Une fois une planète atteinte, une courte séquence de ‘landing party’ vous verra apparaître avec Scotty et Spock qui s’éloigneront bien vite de vous. En vue du dessus un peu comme un Zelda, vous parcourrez la planète pour trouver les 4 morceaux d’armes disséminées sur chacune d’elles. Celles-ci sont cachées dans des rochers ou d’autres éléments de décors qui devront être détruits avec votre phaser. Pour trouver ces pièces, vous disposez d’un dispositif radar qui vous indiquera la direction approximative vers la pièce la plus proche pour peu qu’il y en ait une pas trop éloignée.  En gros, il vous faudra parfois marcher longtemps pour enfin voir votre radar réagir.

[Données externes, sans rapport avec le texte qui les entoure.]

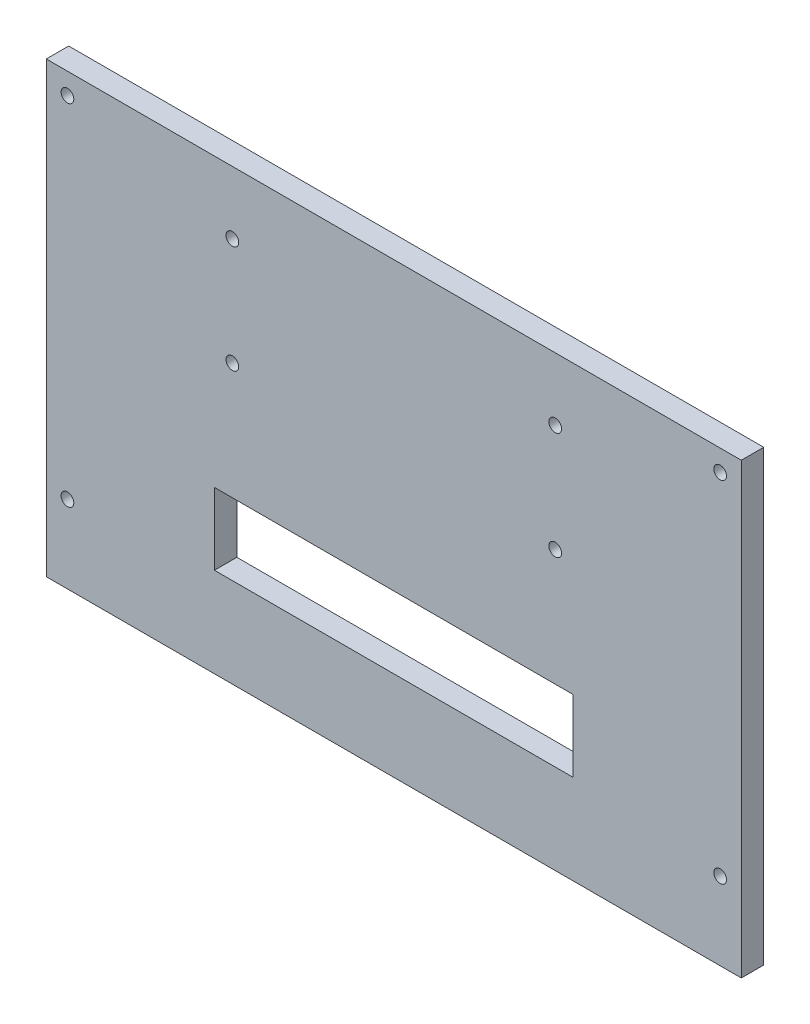
SolidWorks part; units mm, degrees
material "Acrylic (Medium-high impact)"
ref_plane "Front Plane" through (0, 0, 0) normal (0, 0, 1) x (1, 0, 0)
ref_plane "Top Plane" through (0, 0, 0) normal (0, 1, 0) x (1, 0, 0)
ref_plane "Right Plane" through (0, 0, 0) normal (1, 0, 0) x (0, 0, -1)
sketch "Sketch1" plane through (0, 0, 0) normal (0, 0, 1) x (1, 0, 0)
  line L1 (196.85, 127) -> (0, 127)
  line L2 (196.85, 127) -> (196.85, 0)
  line L3 (196.85, 0) -> (0, 0)
  line L4 (0, 127) -> (0, 0)
  line L5 (196.85, 127) -> (0, 0) construction
  line L6 (196.85, 0) -> (0, 127) construction
  point P0 (98.425, 63.5)
  dimension "D1" = 127
  dimension "D2" = 196.85
extrude "Boss-Extrude1" add sketch "Sketch1" along normal blind 6.35
hole_wizard "M3 Clearance Hole1" positions "Sketch2" profile "Sketch3" hole size "M3" standard "ANSI Metric" end condition through all
sketch "Sketch2" plane through (0, 0, 6.35) normal (0, 0, 1) x (1, 0, 0)
  line L0 (0, 127) -> (0, 0) construction
  line L1 (196.85, 127) -> (0, 127) construction
  line L2 (196.85, 0) -> (196.85, 127) construction
  line L3 (0, 0) -> (196.85, 0) construction
  point P0 (5.9944, 121.0056)
  point P2 (5.9944, 21.9964)
  point P4 (190.8556, 21.9964)
  point P6 (190.8556, 121.0056)
  dimension "D1" = 5.9944
  dimension "D2" = 5.9944
  dimension "D3" = 5.9944
  dimension "D4" = 21.9964
sketch "Sketch3" plane through (5.9944, 121.0056, 6.35) normal (1, 0, 0) x (0, -1, 0)
  line L0 (0, 0) -> (0, 6.35)
  line L1 (0, 6.35) -> (1.8, 6.35)
  line L2 (1.8, 6.35) -> (1.8, 0)
  line L5 (1.8, 0) -> (0, 0)
  line L11 (0, -6.35) -> (0, 107.95) construction
  dimension "Thru Hole Dia." = 3.6
  dimension "Thru Hole Depth" = 6.35
sketch "Sketch4" plane through (0, 0, 6.35) normal (0, 0, 1) x (1, 0, 0)
  line L0 (0, 127) -> (0, 0) construction
  line L1 (46.99, 107.95) -> (50.4952, 107.95)
  line L2 (46.99, 107.95) -> (46.99, 44.45)
  line L3 (46.99, 44.45) -> (50.4952, 44.45)
  line L4 (50.4952, 107.95) -> (50.4952, 44.45)
  line L5 (146.3548, 107.95) -> (149.86, 107.95)
  line L6 (146.3548, 107.95) -> (146.3548, 44.45)
  line L7 (146.3548, 44.45) -> (149.86, 44.45)
  line L8 (149.86, 107.95) -> (149.86, 44.45)
  line L9 (196.85, 0) -> (196.85, 127) construction
  line L10 (196.85, 127) -> (0, 127) construction
  dimension "D1" = 3.5052
  dimension "D2" = 63.5
  dimension "D3" = 46.99
  dimension "D4" = 46.99
  dimension "D5" = 19.05
extrude "Cut-Extrude1" [suppressed] cut sketch "Sketch4" against normal through all
sketch "Sketch5" plane through (0, 0, 6.35) normal (0, 0, 1) x (1, 0, 0)
  line L0 (0, 36.1092) -> (76.2, 25.4)
  line L1 (0, 127) -> (0, 0) construction
  line L2 (76.2, 25.4) -> (120.65, 25.4)
  line L3 (120.65, 25.4) -> (196.85, 36.1092)
  line L4 (196.85, 0) -> (196.85, 127) construction
  line L5 (196.85, 36.1092) -> (196.85, 0)
  line L6 (196.85, 0) -> (0, 0)
  line L7 (0, 0) -> (0, 36.1092)
  dimension "D1" = 8
  dimension "D2" = 8
  dimension "D3" = 76.2
  dimension "D4" = 76.2
  dimension "D5" = 25.4
extrude "Cut-Extrude2" [suppressed] cut sketch "Sketch5" against normal through all
sketch "Sketch7" plane through (0, 0, 6.35) normal (0, 0, 1) x (1, 0, 0)
  line L0 (0, 0) -> (196.85, 0) construction
  line L1 (47.625, 45.72) -> (149.225, 45.72)
  line L2 (47.625, 45.72) -> (47.625, 25.4)
  line L3 (47.625, 25.4) -> (149.225, 25.4)
  line L4 (149.225, 45.72) -> (149.225, 25.4)
  line L5 (47.625, 45.72) -> (149.225, 25.4) construction
  line L6 (47.625, 25.4) -> (149.225, 45.72) construction
  point P0 (98.425, 35.56)
  point P5 (98.425, 0)
  dimension "D1" = 20.32
  dimension "D2" = 101.6
  dimension "D3" = 25.4
extrude "tubingslot" cut sketch "Sketch7" against normal through all
hole_wizard "M3 Clearance Hole2" positions "Sketch8" profile "Sketch9" hole size "M3" standard "ANSI Metric" end condition through all
sketch "Sketch8" plane through (0, 0, 6.35) normal (0, 0, 1) x (1, 0, 0)
  line L0 (52.705, 109.22) -> (144.145, 109.22) construction
  line L2 (98.425, 109.22) -> (98.425, 127) construction
  line L3 (196.85, 127) -> (0, 127) construction
  point P0 (52.705, 109.22)
  point P2 (144.145, 109.22)
  point P4 (52.705, 78.74)
  point P6 (144.145, 78.74)
  dimension "D1" = 91.44
  dimension "D2" = 30.48
  dimension "D3" = 17.78
sketch "Sketch9" plane through (52.705, 109.22, 6.35) normal (1, 0, 0) x (0, -1, 0)
  line L0 (0, 0) -> (0, 6.35)
  line L1 (0, 6.35) -> (1.8, 6.35)
  line L2 (1.8, 6.35) -> (1.8, 0)
  line L5 (1.8, 0) -> (0, 0)
  line L11 (0, -6.35) -> (0, 107.95) construction
  dimension "Thru Hole Dia." = 3.6
  dimension "Thru Hole Depth" = 6.35
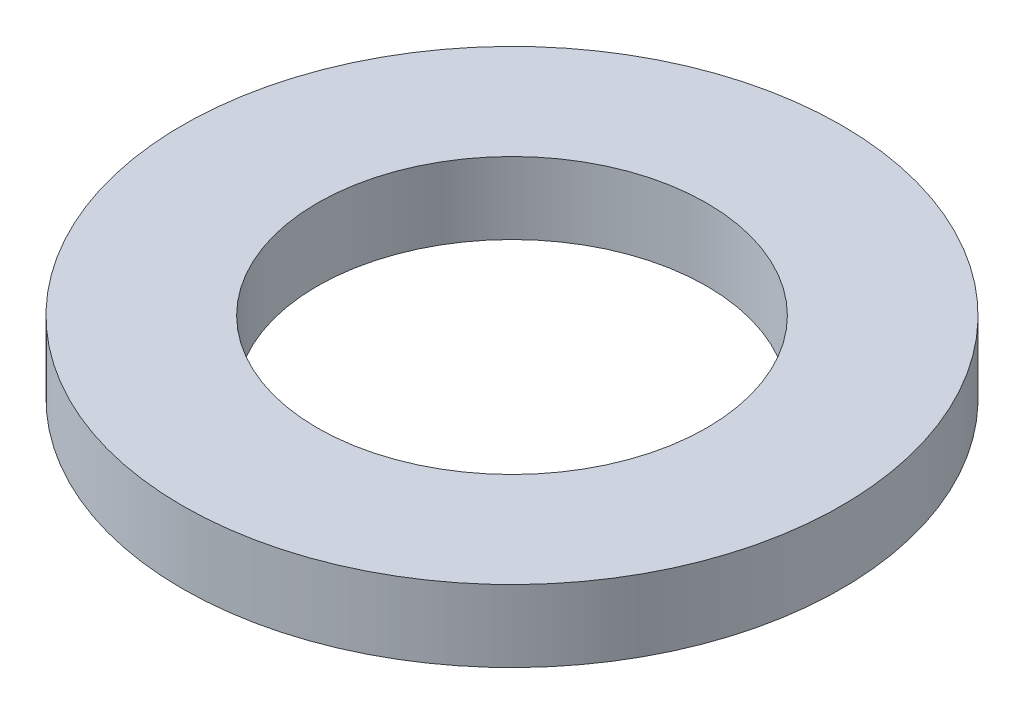
SolidWorks part; units mm, degrees
ref_plane "Front Plane" through (0, 0, 0) normal (0, 0, 1) x (1, 0, 0)
ref_plane "Top Plane" through (0, 0, 0) normal (0, 1, 0) x (1, 0, 0)
ref_plane "Right Plane" through (0, 0, 0) normal (1, 0, 0) x (0, 0, -1)
sketch "Sketch1" plane through (0, 0, 0) normal (0, 1, 0) x (1, 0, 0)
  circle A0 centre (0, 0) radius 55
  dimension "FLANGE_OD" = 110
extrude "Boss-Extrude1" add sketch "Sketch1" along normal blind 12
sketch "Sketch2" plane through (0, 0, 0) normal (0, 1, 0) x (1, 0, 0)
  circle A0 centre (0, 0) radius 32.5
  dimension "BORE_D" = 65
extrude "Cut-Extrude1" cut sketch "Sketch2" along normal through all
sketch "Sketch3" plane through (0, 12, 0) normal (0, 1, 0) x (1, 0, 0)
  circle A0 centre (0, 0) radius 18.2209 construction
  circle A1 centre (-18.2209, 0) radius 1.9528
  dimension "BOLT_D" = 3.9056
  dimension "BOLT_PCD" = 36.4418
extrude "Cut-Extrude2" cut sketch "Sketch3" against normal blind 7.9244 rebuild error yes
pattern_circular "CirPattern1" count 5 over 360 rebuild error yes
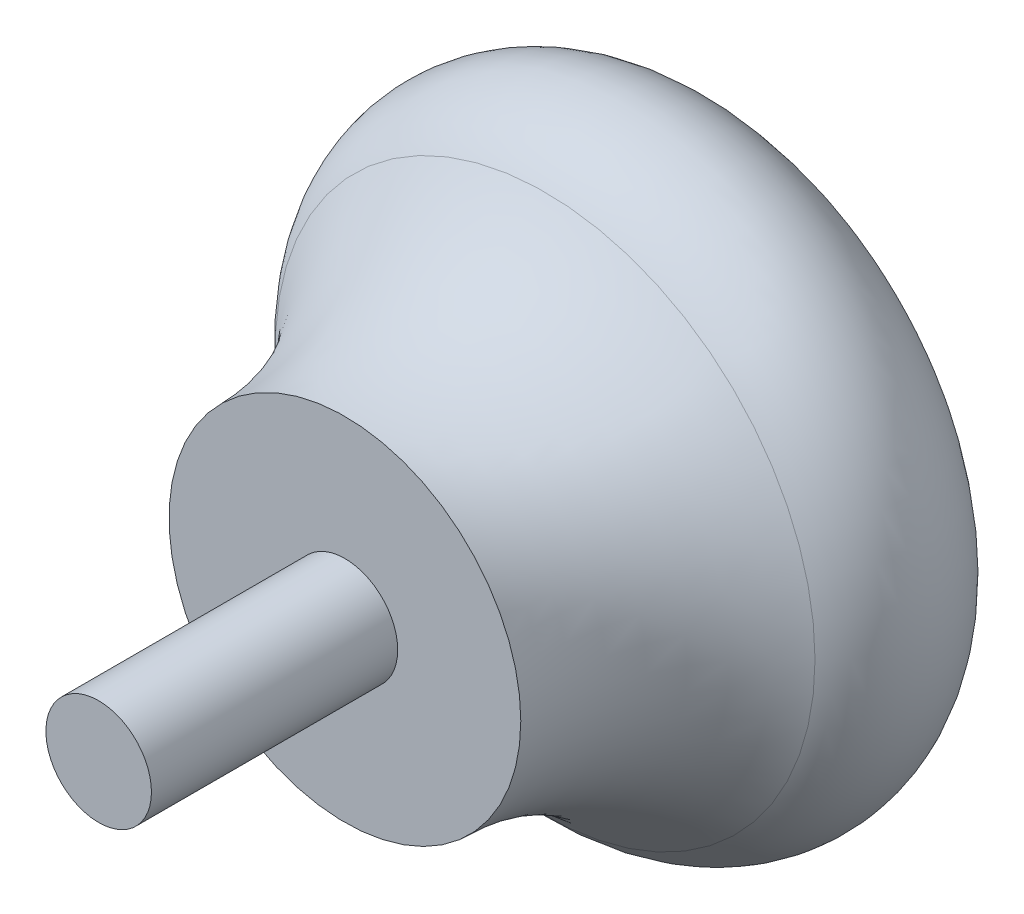
SolidWorks part; units mm, degrees
material "Cast Alloy Steel"
ref_plane "Front Plane" through (0, 0, 0) normal (0, 0, 1) x (1, 0, 0)
ref_plane "Top Plane" through (0, 0, 0) normal (0, 1, 0) x (1, 0, 0)
ref_plane "Right Plane" through (0, 0, 0) normal (1, 0, 0) x (0, 0, -1)
sketch "Sketch1" plane through (0, 0, 0) normal (0, 0, 1) x (1, 0, 0)
  circle A0 centre (0, 0) radius 10
  dimension "D1" = 20
extrude "Boss-Extrude1" add sketch "Sketch1" along normal blind 4
sketch "Sketch2" plane through (0, 0, 4) normal (0, 0, 1) x (1, 0, 0)
  circle A0 centre (0, 0) radius 5
  dimension "D1" = 10
extrude "Boss-Extrude2" add sketch "Sketch2" along normal blind 7
sketch "Sketch3" plane through (0, 0, 11) normal (0, 0, 1) x (1, 0, 0)
  circle A0 centre (0, 0) radius 1.5
  dimension "D1" = 3
extrude "Boss-Extrude3" add sketch "Sketch3" along normal blind 7
fillet "Fillet4" radius 7.4 1 edges at (5, 0, 4)
fillet "Fillet15" radius 4.2 1 edges at (10, 0, 0)
fillet "Fillet16" radius 3 1 edges at (10, 0, 4)
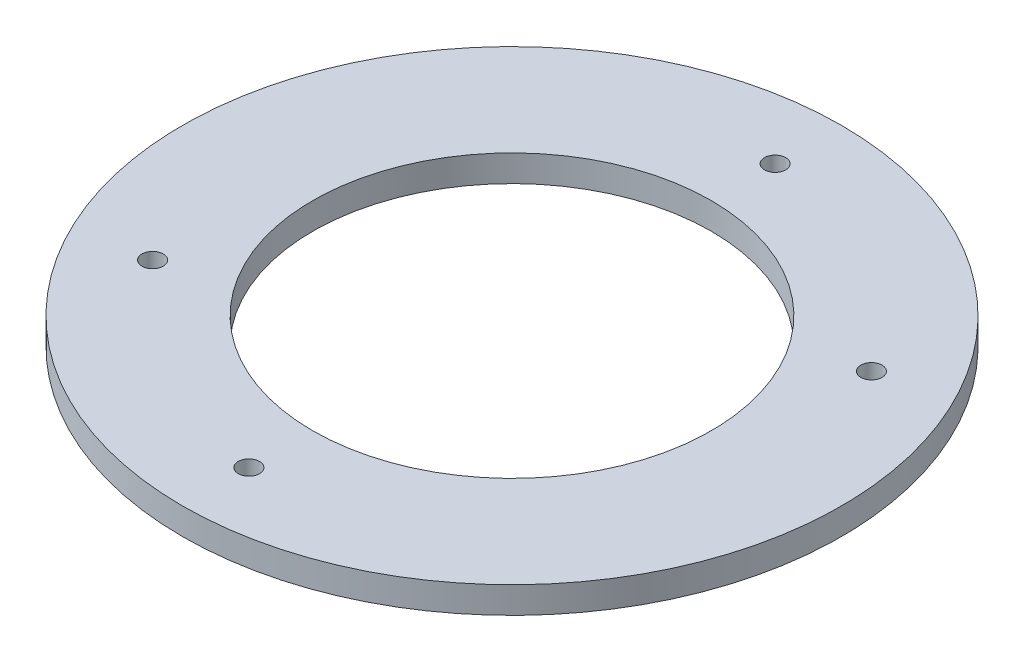
SolidWorks part; units mm, degrees
ref_plane "Front Plane" through (0, 0, 0) normal (0, 0, 1) x (1, 0, 0)
ref_plane "Top Plane" through (0, 0, 0) normal (0, 1, 0) x (1, 0, 0)
ref_plane "Right Plane" through (0, 0, 0) normal (1, 0, 0) x (0, 0, -1)
sketch "Sketch1" plane through (0, 0, 0) normal (0, 1, 0) x (1, 0, 0)
  circle A0 centre (0, 0) radius 62
  dimension "D1" = 124
extrude "Boss-Extrude1" add sketch "Sketch1" along normal blind 5
sketch "Sketch2" plane through (0, 5, 0) normal (0, 1, 0) x (1, 0, 0)
  circle A0 centre (0, 49.5) radius 2
  dimension "D2" = 4
  dimension "D1" = 49.5
extrude "Cut-Extrude1" cut sketch "Sketch2" against normal blind 5 contours A0
pattern_circular "CirPattern1" count 2 every 120 about axis through (0, 5, 0) along (0, 1, 0) of "Cut-Extrude1"
sketch "Sketch4" plane through (0, 5, 0) normal (0, 1, 0) x (1, 0, 0)
  line L0 (0, 49.5) -> (-42.8683, -24.75) construction
  line L1 (0, 0) -> (-23.6703, -40.9981) construction
ref_plane "Plane1" through (0, 0, 0) normal (-0.866, 0, -0.5) x (-0.5, 0, 0.866)
mirror "Mirror1" about plane through (0, 0, 0) normal (-0.866, 0, -0.5) of "Cut-Extrude1", "CirPattern1"
sketch "Sketch5" plane through (0, 0, 0) normal (0, -1, 0) x (1, 0, 0)
  circle A0 centre (0, 0) radius 37.5
  dimension "D1" = 75
extrude "Cut-Extrude2" cut sketch "Sketch5" against normal blind 10

De temps en temps, Scotty et Spock vous enverront un message concernant la faune, la flore ou quelque autre sujet concernant votre mission. En parlant de faune et de flore, sachez que quasi tout sur ces planètes vous sera hostile. Boue toxique, pièges électriques, monstres humanoïdes, plantes empoisonnées ... rien ne vous sera épargné. En plus, votre phaser a une batterie qui s’épuise assez vite et il faudra parfois jouer avec le mode stunt (assommer) pour paralyser un ennemi et s’enfuir. Heureusement, on pourra trouver çà et là des recharges ou des packs de soin. Une fois récupérés tous les morceaux de l’arme, vous aurez encore à voyager dans l’espace pour atteindre le Doomsday Machine et le détruire petit bout par petit bout.



 

 

 

 

 

 

 

L’espace … l’ultime frontière …

Il faut être honnête, l’esprit de Star Trek est bien présent et on se prend assez vite au jeu. Les graphismes sont passables sans être exceptionnels et les images avec les personnages du jeu sont bien réalisées. Les musiques et bruitages par contre sont assez médiocres, même pour de la Game Boy.  La durée de vie est assez moyenne avec moins d’une heure de jeu mais c’est suffisant. Par contre, si l’idée d’alterner les modes de jeu (tir et exploration) est louable, il est dommage que la phase de tir soit assez ratée. Cette partie, qui représente la majorité du jeu, est lente, pas très maniable et peu intéressante.  Vous tenterez toujours de l’écourter au possible en évitant comme la peste les zones remplies de vaisseaux Klingons. En plus, ces parties sont assez longues et difficiles (sauf l’espace Amoeba) et rebuteront grand nombre de joueurs. Concernant la partie d’exploration, il n’y a rien grand-chose à dire. Cette partie est assez bien réalisée, on peut analyser les plantes et décors comme dans la série et la difficulté est relativement correcte. Concernant le Doomsday Machine, le vaincre n’est pas vraiment un challenge et vous y arriverez probablement du premier coup ce qui est un peu dommage étant donné qu’il s’agit du seul boss du jeu.




 

 

 

 

 

 

 

 

Une vie longue et prospère.

Au final, Star Trek 25th Anniversary donne une impression en demi-teinte.  Les phases de shoot sont trop laborieuses et trop nombreuses et les phases d’exploration, si elles sont assez réussies, ne peuvent pas sauver ce jeu.  Je pense que l’idée de départ du jeu est bonne, le scénario original et les nombreuses références feront plaisir aux fans mais la réalisation et les mauvaises décisions de style de jeu lui mettent du plomb dans l’aile. Dommage.